Requirement » Using the records below, output the stretch that opens with the line containing "DAC_enable5 = 0" and closes with the line containing "DAC_type3 = 1", exactly and including both lines, with nothing more.

Records from a collection
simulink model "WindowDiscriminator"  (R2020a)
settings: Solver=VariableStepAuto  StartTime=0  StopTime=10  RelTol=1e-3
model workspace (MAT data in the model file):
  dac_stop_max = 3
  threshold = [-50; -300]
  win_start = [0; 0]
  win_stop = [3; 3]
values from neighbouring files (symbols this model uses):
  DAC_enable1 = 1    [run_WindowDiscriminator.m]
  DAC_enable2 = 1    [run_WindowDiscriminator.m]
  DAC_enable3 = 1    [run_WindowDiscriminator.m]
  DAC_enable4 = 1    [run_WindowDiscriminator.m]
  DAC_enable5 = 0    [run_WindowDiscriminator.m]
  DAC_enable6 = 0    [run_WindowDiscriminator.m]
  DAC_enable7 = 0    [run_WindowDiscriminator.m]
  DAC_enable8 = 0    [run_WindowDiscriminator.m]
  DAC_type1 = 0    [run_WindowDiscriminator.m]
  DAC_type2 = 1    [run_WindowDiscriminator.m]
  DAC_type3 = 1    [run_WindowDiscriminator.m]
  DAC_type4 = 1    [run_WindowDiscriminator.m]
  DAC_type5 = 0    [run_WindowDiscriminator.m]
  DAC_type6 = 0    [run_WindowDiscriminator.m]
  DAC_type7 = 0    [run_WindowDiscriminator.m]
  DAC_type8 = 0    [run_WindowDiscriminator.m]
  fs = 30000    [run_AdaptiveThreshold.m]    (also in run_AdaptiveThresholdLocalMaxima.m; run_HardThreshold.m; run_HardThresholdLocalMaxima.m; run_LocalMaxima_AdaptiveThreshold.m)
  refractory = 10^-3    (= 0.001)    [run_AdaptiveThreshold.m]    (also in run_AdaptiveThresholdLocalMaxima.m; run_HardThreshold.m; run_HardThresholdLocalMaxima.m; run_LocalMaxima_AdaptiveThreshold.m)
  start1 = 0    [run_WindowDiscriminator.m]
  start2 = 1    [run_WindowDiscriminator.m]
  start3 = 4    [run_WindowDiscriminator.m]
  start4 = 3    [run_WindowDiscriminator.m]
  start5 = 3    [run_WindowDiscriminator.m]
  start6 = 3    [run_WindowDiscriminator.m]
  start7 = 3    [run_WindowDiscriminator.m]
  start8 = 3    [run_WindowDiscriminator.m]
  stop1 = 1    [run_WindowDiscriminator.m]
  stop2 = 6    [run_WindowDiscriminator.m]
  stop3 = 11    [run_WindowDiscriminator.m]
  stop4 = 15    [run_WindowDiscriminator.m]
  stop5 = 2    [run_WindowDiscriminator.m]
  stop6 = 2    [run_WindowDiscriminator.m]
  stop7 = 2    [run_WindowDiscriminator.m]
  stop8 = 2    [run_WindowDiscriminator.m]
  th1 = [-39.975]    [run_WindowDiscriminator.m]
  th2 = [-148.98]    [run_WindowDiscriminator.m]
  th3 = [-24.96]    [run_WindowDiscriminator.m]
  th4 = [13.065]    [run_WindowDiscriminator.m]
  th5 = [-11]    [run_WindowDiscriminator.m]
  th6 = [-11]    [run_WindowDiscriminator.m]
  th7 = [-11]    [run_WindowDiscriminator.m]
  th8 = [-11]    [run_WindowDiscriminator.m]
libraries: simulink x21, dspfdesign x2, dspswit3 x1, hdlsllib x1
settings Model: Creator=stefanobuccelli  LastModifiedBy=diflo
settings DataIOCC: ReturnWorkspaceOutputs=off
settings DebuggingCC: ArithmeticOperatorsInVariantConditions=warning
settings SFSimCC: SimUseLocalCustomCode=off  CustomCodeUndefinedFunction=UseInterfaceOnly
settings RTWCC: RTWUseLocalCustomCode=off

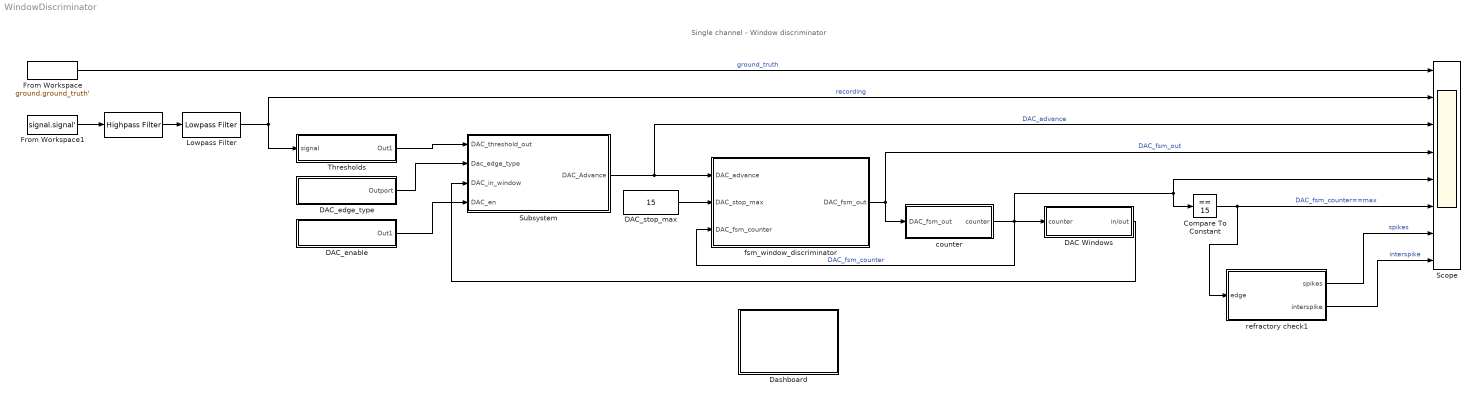
== system WindowDiscriminator ==
  note: Single channel - Window discriminator
  " " : dspfdesign/Highpass Filter  FilterType=IIR  DesignForMinimumOrder=on  FilterOrder=50  StopbandFrequency=1  PassbandFrequency=300  StopbandAttenuation=80  PassbandRipple=0.1  InheritSampleRate=off  SampleRate=fs  SimulateUsing=Interpreted execution  roundingMode=Floor  coeffsDataTypeStr=fixdt(1,16)
  Compare To Constant : simulink/Logic and Bit Operations/Compare To Constant  relop===  const=15  OutDataTypeStr=boolean
  DAC Windows : Subsystem
  DAC_edge_type : Subsystem
  DAC_enable : Subsystem
  DAC_stop_max : Constant  Value=15  OutDataTypeStr=double
  Dashboard : Subsystem
  From Workspace : FromWorkspace  VariableName=ground.ground_truth'  SampleTime=1/fs
  From Workspace1 : FromWorkspace  VariableName=signal.signal'  SampleTime=1/fs
  Lowpass Filter : dspfdesign/Lowpass Filter  FilterType=IIR  DesignForMinimumOrder=on  FilterOrder=3  PassbandFrequency=3500  StopbandFrequency=8500  PassbandRipple=0.1  StopbandAttenuation=80  InheritSampleRate=off  SampleRate=fs  SimulateUsing=Interpreted execution  roundingMode=Floor  coeffsDataTypeStr=fixdt(1,16)
  Scope : Scope  NumInputPorts=8
  Subsystem : Subsystem
  Thresholds : Subsystem
  counter : Subsystem
  fsm_window_discriminator : Stateflow chart  TreatAsAtomicUnit=on
  refractory check1 : Subsystem
  wires:
  fsm_window_discriminator/1(DAC_fsm_out) -> counter/1(DAC_fsm_out), Scope/4  "DAC_fsm_out"
  Subsystem/1(DAC_Advance) -> Scope/3, fsm_window_discriminator/1(DAC_advance)  "DAC_advance"
  DAC_edge_type/1(Outport) -> Subsystem/2(Dac_edge_type)
  DAC_stop_max/1 -> fsm_window_discriminator/2(DAC_stop_max)
  DAC Windows/1(in/out) -> Subsystem/3(DAC_in_window)
  Thresholds/1(Out1) -> Subsystem/1(DAC_threshold_out)
  DAC_enable/1(Out1) -> Subsystem/4(DAC_en)
  counter/1(counter) -> DAC Windows/1(counter), fsm_window_discriminator/3(DAC_fsm_counter), Scope/5, Compare To Constant/1  "DAC_fsm_counter"
  Compare To Constant/1 -> refractory check1/1(" edge "), Scope/6  "DAC_fsm_counter==max"
  refractory check1/1(spikes) -> Scope/7  "spikes"
  refractory check1/2(interspike) -> Scope/8  "interspike"
  Lowpass Filter/1 -> Scope/2, Thresholds/1(signal)  "recording"
  From Workspace/1 -> Scope/1  "ground_truth"
  " "/1 -> Lowpass Filter/1
  From Workspace1/1 -> " "/1

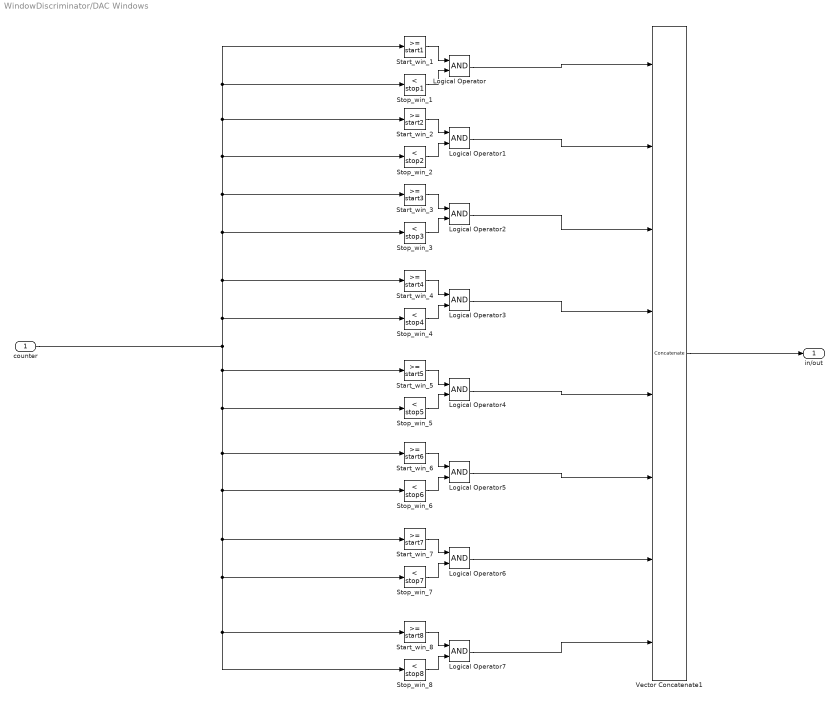
== system WindowDiscriminator/DAC Windows ==
  counter : Inport
  Logical Operator{,1..7} (8 alike) : Logic  AllPortsSameDT=off  OutDataTypeStr=boolean
  Start_win_1 : simulink/Logic and Bit Operations/Compare To Constant  relop=>=  const=start1  OutDataTypeStr=boolean
  Start_win_2 : simulink/Logic and Bit Operations/Compare To Constant  relop=>=  const=start2  OutDataTypeStr=boolean
  Start_win_3 : simulink/Logic and Bit Operations/Compare To Constant  relop=>=  const=start3  OutDataTypeStr=boolean
  Start_win_4 : simulink/Logic and Bit Operations/Compare To Constant  relop=>=  const=start4  OutDataTypeStr=boolean
  Start_win_5 : simulink/Logic and Bit Operations/Compare To Constant  relop=>=  const=start5  OutDataTypeStr=boolean
  Start_win_6 : simulink/Logic and Bit Operations/Compare To Constant  relop=>=  const=start6  OutDataTypeStr=boolean
  Start_win_7 : simulink/Logic and Bit Operations/Compare To Constant  relop=>=  const=start7  OutDataTypeStr=boolean
  Start_win_8 : simulink/Logic and Bit Operations/Compare To Constant  relop=>=  const=start8  OutDataTypeStr=boolean
  Stop_win_1 : simulink/Logic and Bit Operations/Compare To Constant  relop=<  const=stop1  OutDataTypeStr=boolean
  Stop_win_2 : simulink/Logic and Bit Operations/Compare To Constant  relop=<  const=stop2  OutDataTypeStr=boolean
  Stop_win_3 : simulink/Logic and Bit Operations/Compare To Constant  relop=<  const=stop3  OutDataTypeStr=boolean
  Stop_win_4 : simulink/Logic and Bit Operations/Compare To Constant  relop=<  const=stop4  OutDataTypeStr=boolean
  Stop_win_5 : simulink/Logic and Bit Operations/Compare To Constant  relop=<  const=stop5  OutDataTypeStr=boolean
  Stop_win_6 : simulink/Logic and Bit Operations/Compare To Constant  relop=<  const=stop6  OutDataTypeStr=boolean
  Stop_win_7 : simulink/Logic and Bit Operations/Compare To Constant  relop=<  const=stop7  OutDataTypeStr=boolean
  Stop_win_8 : simulink/Logic and Bit Operations/Compare To Constant  relop=<  const=stop8  OutDataTypeStr=boolean
  Vector Concatenate1 : Concatenate  NumInputs=8
  in/out : Outport  VectorParamsAs1DForOutWhenUnconnected=off
  wires:
  Vector Concatenate1/1 -> in/out/1
  Stop_win_1/1 -> Logical Operator/2
  Start_win_1/1 -> Logical Operator/1
  Logical Operator/1 -> Vector Concatenate1/1
  Logical Operator1/1 -> Vector Concatenate1/2
  Stop_win_2/1 -> Logical Operator1/2
  Start_win_2/1 -> Logical Operator1/1
  Stop_win_3/1 -> Logical Operator2/2
  Start_win_3/1 -> Logical Operator2/1
  Logical Operator2/1 -> Vector Concatenate1/3
  Start_win_4/1 -> Logical Operator3/1
  Stop_win_4/1 -> Logical Operator3/2
  Logical Operator3/1 -> Vector Concatenate1/4
  Stop_win_5/1 -> Logical Operator4/2
  Start_win_5/1 -> Logical Operator4/1
  Logical Operator4/1 -> Vector Concatenate1/5
  Start_win_6/1 -> Logical Operator5/1
  Logical Operator5/1 -> Vector Concatenate1/6
  Stop_win_6/1 -> Logical Operator5/2
  Stop_win_7/1 -> Logical Operator6/2
  Start_win_7/1 -> Logical Operator6/1
  Logical Operator6/1 -> Vector Concatenate1/7
  Stop_win_8/1 -> Logical Operator7/2
  Start_win_8/1 -> Logical Operator7/1
  Logical Operator7/1 -> Vector Concatenate1/8
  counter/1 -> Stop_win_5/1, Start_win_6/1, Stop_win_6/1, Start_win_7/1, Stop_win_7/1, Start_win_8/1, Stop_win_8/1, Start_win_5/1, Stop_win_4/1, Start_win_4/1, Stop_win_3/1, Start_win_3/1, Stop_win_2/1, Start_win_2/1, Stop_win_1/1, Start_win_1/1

Exercise result »
  DAC_enable5 = 0    [run_WindowDiscriminator.m]
  DAC_enable6 = 0    [run_WindowDiscriminator.m]
  DAC_enable7 = 0    [run_WindowDiscriminator.m]
  DAC_enable8 = 0    [run_WindowDiscriminator.m]
  DAC_type1 = 0    [run_WindowDiscriminator.m]
  DAC_type2 = 1    [run_WindowDiscriminator.m]
  DAC_type3 = 1    [run_WindowDiscriminator.m]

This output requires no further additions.